Hmmm. This happens to you often? Are you sure?


----------



## Solrac026 (Mar 6, 2012)

Yardiff Bey said:


> I'm beginning to think that romance is a crock of shit. One designed for the woman's convenience, not the man's. /brood


One woman's romance is another woman's creepy [noun]. Can't fill in the blank, but I think I make my point.


----------



## Solrac026 (Mar 6, 2012)

Shinji Mimura said:


> As a writer, I try my hardest to stay away from commonly-misused words because I wouldn't want to be pigeonholed in the same group as the people who misuse them.
> 
> Among this list of commonly-misused words is "creepy."
> 
> ...


It's amazing how women always talk about honesty, but are hardly ever in the mood to be honest themselves.


----------



## Icebreaker (Aug 20, 2012)

Well depends on the person . 'You are beautyful'. The same line would strike as a compliment to a creative person and as shallow to a porn star or celeberity its a matter of thinking and circumstances .


----------



## Shinji Mimura (Aug 1, 2012)

fourtines said:


> It may be the opposite of what you think.
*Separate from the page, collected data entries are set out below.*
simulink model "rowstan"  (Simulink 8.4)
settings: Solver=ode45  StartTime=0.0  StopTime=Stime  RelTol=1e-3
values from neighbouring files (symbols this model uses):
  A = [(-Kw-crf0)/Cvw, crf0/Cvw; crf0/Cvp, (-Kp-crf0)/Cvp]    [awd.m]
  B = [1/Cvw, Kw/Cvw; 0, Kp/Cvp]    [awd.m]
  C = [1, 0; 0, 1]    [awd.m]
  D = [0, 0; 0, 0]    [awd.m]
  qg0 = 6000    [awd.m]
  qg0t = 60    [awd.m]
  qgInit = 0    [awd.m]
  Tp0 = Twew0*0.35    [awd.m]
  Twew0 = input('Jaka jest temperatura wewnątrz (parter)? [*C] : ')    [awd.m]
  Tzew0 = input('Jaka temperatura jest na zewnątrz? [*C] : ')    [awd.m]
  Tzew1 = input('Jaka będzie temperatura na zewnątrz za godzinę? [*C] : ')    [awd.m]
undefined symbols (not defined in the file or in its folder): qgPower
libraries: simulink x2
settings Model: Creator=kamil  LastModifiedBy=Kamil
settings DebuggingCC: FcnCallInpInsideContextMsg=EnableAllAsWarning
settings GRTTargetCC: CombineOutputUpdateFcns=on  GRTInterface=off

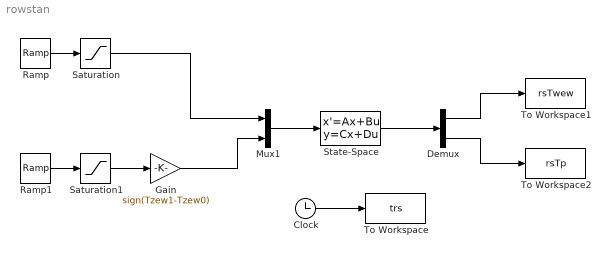
== system rowstan ==
  Clock : Clock
  Demux : Demux  Outputs=2
  Gain : Gain  Gain=sign(Tzew1-Tzew0)
  Mux1 : Mux  Inputs=2
  Ramp : simulink/Sources/Ramp  slope=qg0/qg0t  start=0  X0=qgInit
  Ramp1 : simulink/Sources/Ramp  slope=abs(Tzew1-Tzew0)/3600  start=0  X0=abs(Tzew0)
  Saturation : Saturate  UpperLimit=qg0*qgPower  LowerLimit=0
  Saturation1 : Saturate  UpperLimit=max(abs(Tzew0),abs(Tzew1))  LowerLimit=0
  State-Space : StateSpace  A=A  B=B  C=C  D=D  X0=[Twew0 Tp0]  ContinuousStateAttributes='temperatura'
  To Workspace : ToWorkspace  VariableName=trs  SampleTime=-1
  To Workspace1 : ToWorkspace  VariableName=rsTwew  SampleTime=-1
  To Workspace2 : ToWorkspace  VariableName=rsTp  SampleTime=-1
  wires:
  Mux1/1 -> State-Space/1
  State-Space/1 -> Demux/1
  Demux/1 -> To Workspace1/1
  Demux/2 -> To Workspace2/1
  Clock/1 -> To Workspace/1
  Ramp/1 -> Saturation/1
  Saturation/1 -> Mux1/1
  Ramp1/1 -> Saturation1/1
  Saturation1/1 -> Gain/1
  Gain/1 -> Mux1/2
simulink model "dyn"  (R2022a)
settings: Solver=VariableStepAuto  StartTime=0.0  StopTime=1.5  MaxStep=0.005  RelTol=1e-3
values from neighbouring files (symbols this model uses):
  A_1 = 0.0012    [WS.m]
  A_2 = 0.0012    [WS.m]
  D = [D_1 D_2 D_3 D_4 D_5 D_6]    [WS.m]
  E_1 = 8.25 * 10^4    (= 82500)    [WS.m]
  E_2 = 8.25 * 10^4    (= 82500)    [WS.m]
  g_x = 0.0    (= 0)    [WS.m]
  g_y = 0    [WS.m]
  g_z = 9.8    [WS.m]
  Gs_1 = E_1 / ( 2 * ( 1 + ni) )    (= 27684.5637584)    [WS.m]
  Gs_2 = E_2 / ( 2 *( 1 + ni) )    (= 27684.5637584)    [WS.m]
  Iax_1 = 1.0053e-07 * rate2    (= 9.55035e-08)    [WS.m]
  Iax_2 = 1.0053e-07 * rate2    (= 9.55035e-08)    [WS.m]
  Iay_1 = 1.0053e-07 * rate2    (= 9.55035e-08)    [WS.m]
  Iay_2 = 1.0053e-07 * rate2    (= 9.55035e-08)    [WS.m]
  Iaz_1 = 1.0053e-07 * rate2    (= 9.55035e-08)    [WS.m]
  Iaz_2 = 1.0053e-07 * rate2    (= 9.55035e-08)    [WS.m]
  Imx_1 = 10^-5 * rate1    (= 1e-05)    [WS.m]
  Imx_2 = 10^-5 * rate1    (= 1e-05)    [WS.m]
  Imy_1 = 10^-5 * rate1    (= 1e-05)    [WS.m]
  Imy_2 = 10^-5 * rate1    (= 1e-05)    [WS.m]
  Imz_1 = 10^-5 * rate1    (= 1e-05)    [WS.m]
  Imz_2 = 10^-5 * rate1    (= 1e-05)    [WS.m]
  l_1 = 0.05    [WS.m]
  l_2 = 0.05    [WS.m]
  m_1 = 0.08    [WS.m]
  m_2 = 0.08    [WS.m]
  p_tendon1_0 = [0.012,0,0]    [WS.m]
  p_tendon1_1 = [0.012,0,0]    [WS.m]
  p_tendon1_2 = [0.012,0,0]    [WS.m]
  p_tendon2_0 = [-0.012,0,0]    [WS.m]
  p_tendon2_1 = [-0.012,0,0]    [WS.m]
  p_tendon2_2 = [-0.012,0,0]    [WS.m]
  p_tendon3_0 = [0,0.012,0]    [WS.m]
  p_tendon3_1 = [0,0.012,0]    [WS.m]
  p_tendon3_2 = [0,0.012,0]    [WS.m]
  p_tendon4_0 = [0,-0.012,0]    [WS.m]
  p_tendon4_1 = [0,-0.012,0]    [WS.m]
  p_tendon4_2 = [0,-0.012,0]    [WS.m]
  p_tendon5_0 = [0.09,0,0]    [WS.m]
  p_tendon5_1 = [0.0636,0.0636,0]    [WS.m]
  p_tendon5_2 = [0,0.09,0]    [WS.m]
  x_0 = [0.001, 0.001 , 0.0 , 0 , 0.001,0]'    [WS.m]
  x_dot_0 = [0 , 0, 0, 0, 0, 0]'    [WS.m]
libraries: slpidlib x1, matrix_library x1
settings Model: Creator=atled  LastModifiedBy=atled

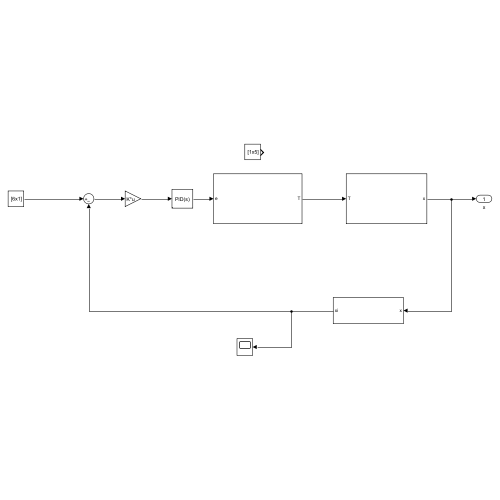
[thumbnail: Simulink's stored preview of the top-level diagram]
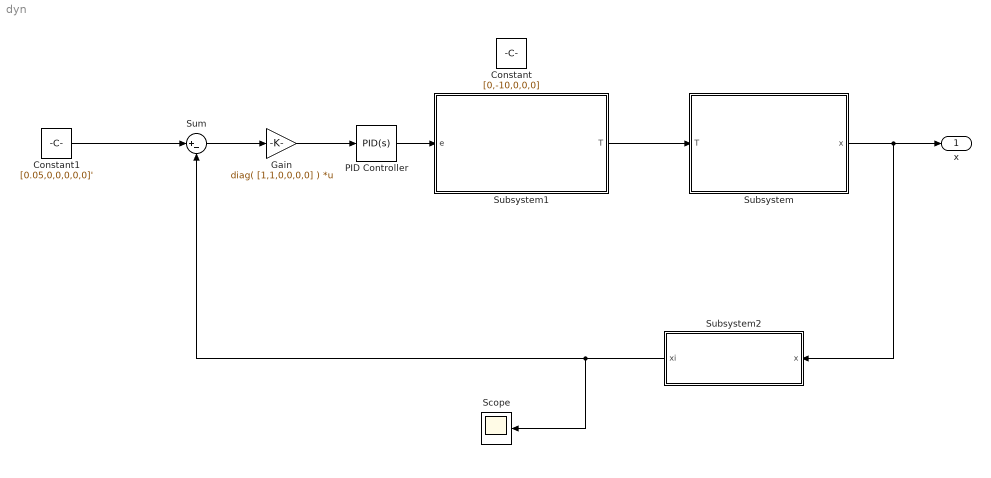
== system dyn ==
  Constant : Constant  Value=[0,-10,0,0,0]
  Constant1 : Constant  Value=[0.05,0,0,0,0,0]'  VectorParams1D=off
  Gain : Gain  Gain=diag( [1,1,0,0,0,0] )  Multiplication=Matrix(K*u)
  PID Controller : slpidlib/PID Controller  Controller=PID  Form=Parallel  TimeDomain=Continuous-time  UseExternalTs=off  SampleTime=-1  IntegratorMethod=Forward Euler  FilterMethod=Forward Euler  ControllerParametersSource=internal  P=0.2  I=0  UseKiTs=off  D=0  N=100  UseFilter=on  TunerSelectOption=Transfer Function Based (PID Tuner App)  InitialConditionSource=internal  InitialConditionForIntegrator=0  InitialConditionForFilter=0  DifferentiatorICPrevScaledInput=0  ExternalReset=none  TrackingMode=off  Kt=1  LimitOutput=off  SatLimitsSource=internal  UpperSaturationLimit=inf  LowerSaturationLimit=-inf  LinearizeAsGain=on  AntiWindupMode=none  Kb=1  POutMin=[]  POutMax=[]  IOutMin=[]  IOutMax=[]  DOutMin=[]  DOutMax=[]  NOutMin=[]  NOutMax=[]  SumOutMin=[]  SumOutMax=[]  SaturationOutMin=[]  SaturationOutMax=[]  PParamMin=[]  PParamMax=[]  IParamMin=[]  IParamMax=[]  DParamMin=[]  DParamMax=[]  NParamMin=[]  NParamMax=[]  KbParamMin=[]  KbParamMax=[]  KtParamMin=[]  KtParamMax=[]  KbOutMin=[]  KbOutMax=[]  KtOutMin=[]  KtOutMax=[]  IntegratorOutMin=[]  IntegratorOutMax=[]  FilterOutMin=[]  FilterOutMax=[]  SumI1OutMin=[]  SumI1OutMax=[]  SumI2OutMin=[]  SumI2OutMax=[]  SumI3OutMin=[]  SumI3OutMax=[]  SumI4OutMin=[]  SumI4OutMax=[]  SumDOutMin=[]  SumDOutMax=[]  DifferentiatorOutMin=[]  DifferentiatorOutMax=[]  FilterDiffOutCoefMin=[]  FilterDiffOutCoefMax=[]  ReciprocalOutMin=[]  ReciprocalOutMax=[]  SumDenOutMin=[]  SumDenOutMax=[]  SumNumOutMin=[]  SumNumOutMax=[]  DivideOutMin=[]  DivideOutMax=[]  UdiffTsProdOutMin=[]  UdiffTsProdOutMax=[]  NTsProdOutMin=[]  NTsProdOutMax=[]  UintegralTsProdOutMin=[]  UintegralTsProdOutMax=[]  UngainTsProdOutMin=[]  UngainTsProdOutMax=[]  IntegratorContinuousStateAttributes=''  IntegratorStateMustResolveToSignalObject=off  IntegratorRTWStateStorageClass=Auto  FilterContinuousStateAttributes=''  FilterStateMustResolveToSignalObject=off  FilterRTWStateStorageClass=Auto  ParallelPVariant=InternalParameters  IdealPVariant=Disabled  IVariant=InternalParameters  DVariant=InternalParameters  IntegratorVariant=Continuous  SatVariant=Disabled  AWVariant=Passthrough  PCopyVariant=Disabled  TRVariant=Disabled  FdbkBlocksVariant=Forward  IdealPFdbkVariant=Disabled  SatFdbkVariant=Disabled  DerivativeFilterVariant=ContFilter  NVariant=InternalParameters  NCopyVariant=Disabled  FilterICVariant=InternalICsFilter  IntegratorICVariant=InternalICs  ExternalResetVariant=Disabled  TRSumVariant=Passthrough  SumFdbkVariant=Disabled  SumVariant=Sum_PID  TsampFilterVariant=InternalTs  TsampNgainVariant=Passthrough  TsampIntegralVariant=Passthrough  ExternalSaturationOutDataTypeStr=Inherit: Same as second input  aMode=0
  Scope : Scope
  Subsystem : Subsystem
  Subsystem1 : Subsystem
  Subsystem2 : Subsystem
  Sum : Sum  Inputs=|+-
  x : Outport
  wires:
  Subsystem/1(x) -> Subsystem2/1(x), x/1
  Subsystem1/1(T) -> Subsystem/1(T)
  Constant1/1 -> Sum/1
  Subsystem2/1(xi) -> Sum/2, Scope/1
  Sum/1 -> Gain/1
  Gain/1 -> PID Controller/1
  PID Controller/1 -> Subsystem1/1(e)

It might not have seemed clingy or needy, but actually too cold. Maybe you never saw or heard from her again because she thought you just wanted a fuck buddy. Did you ever call her, just out of curiosity? Or did you put all of the responsibility on her to contact you?
> 
> Hmmm. This happens to you often? Are you sure?


1. Of course. If you and I had a good time, sexually or otherwise, I'd surely call you sooner or later to indulge in more fun times. I could be wrong, but I believe that's referred to as "friendship." Even if we aren't on that level, we are, at the very least, acquaintances that have a good time together. But, yes, all the girls that I later learned used me had been contacted (not repeatedly or in a clingy way, mind you).

2. It's not that it HAPPENS often, it's that it has happened enough times for me to file a complaint and to do-away with meaningless sex, unless I'm aware of her thoughts on it and so on and so forth.


----------



## Thalassa (Jun 10, 2010)

Shinji Mimura said:


> 1. Of course. If you and I had a good time, sexually or otherwise, I'd surely call you sooner or later to indulge in more fun times. I could be wrong, but I believe that's referred to as "friendship." Even if we aren't on that level, we are, at the very least, acquaintances that have a good time together. But, yes, all the girls that I later learned used me had been contacted (not repeatedly or in a clingy way, mind you).
> 
> 2. It's not that it HAPPENS often, it's that it has happened enough times for me to file a complaint and to do-away with meaningless sex, unless I'm aware of her thoughts on it and so on and so forth.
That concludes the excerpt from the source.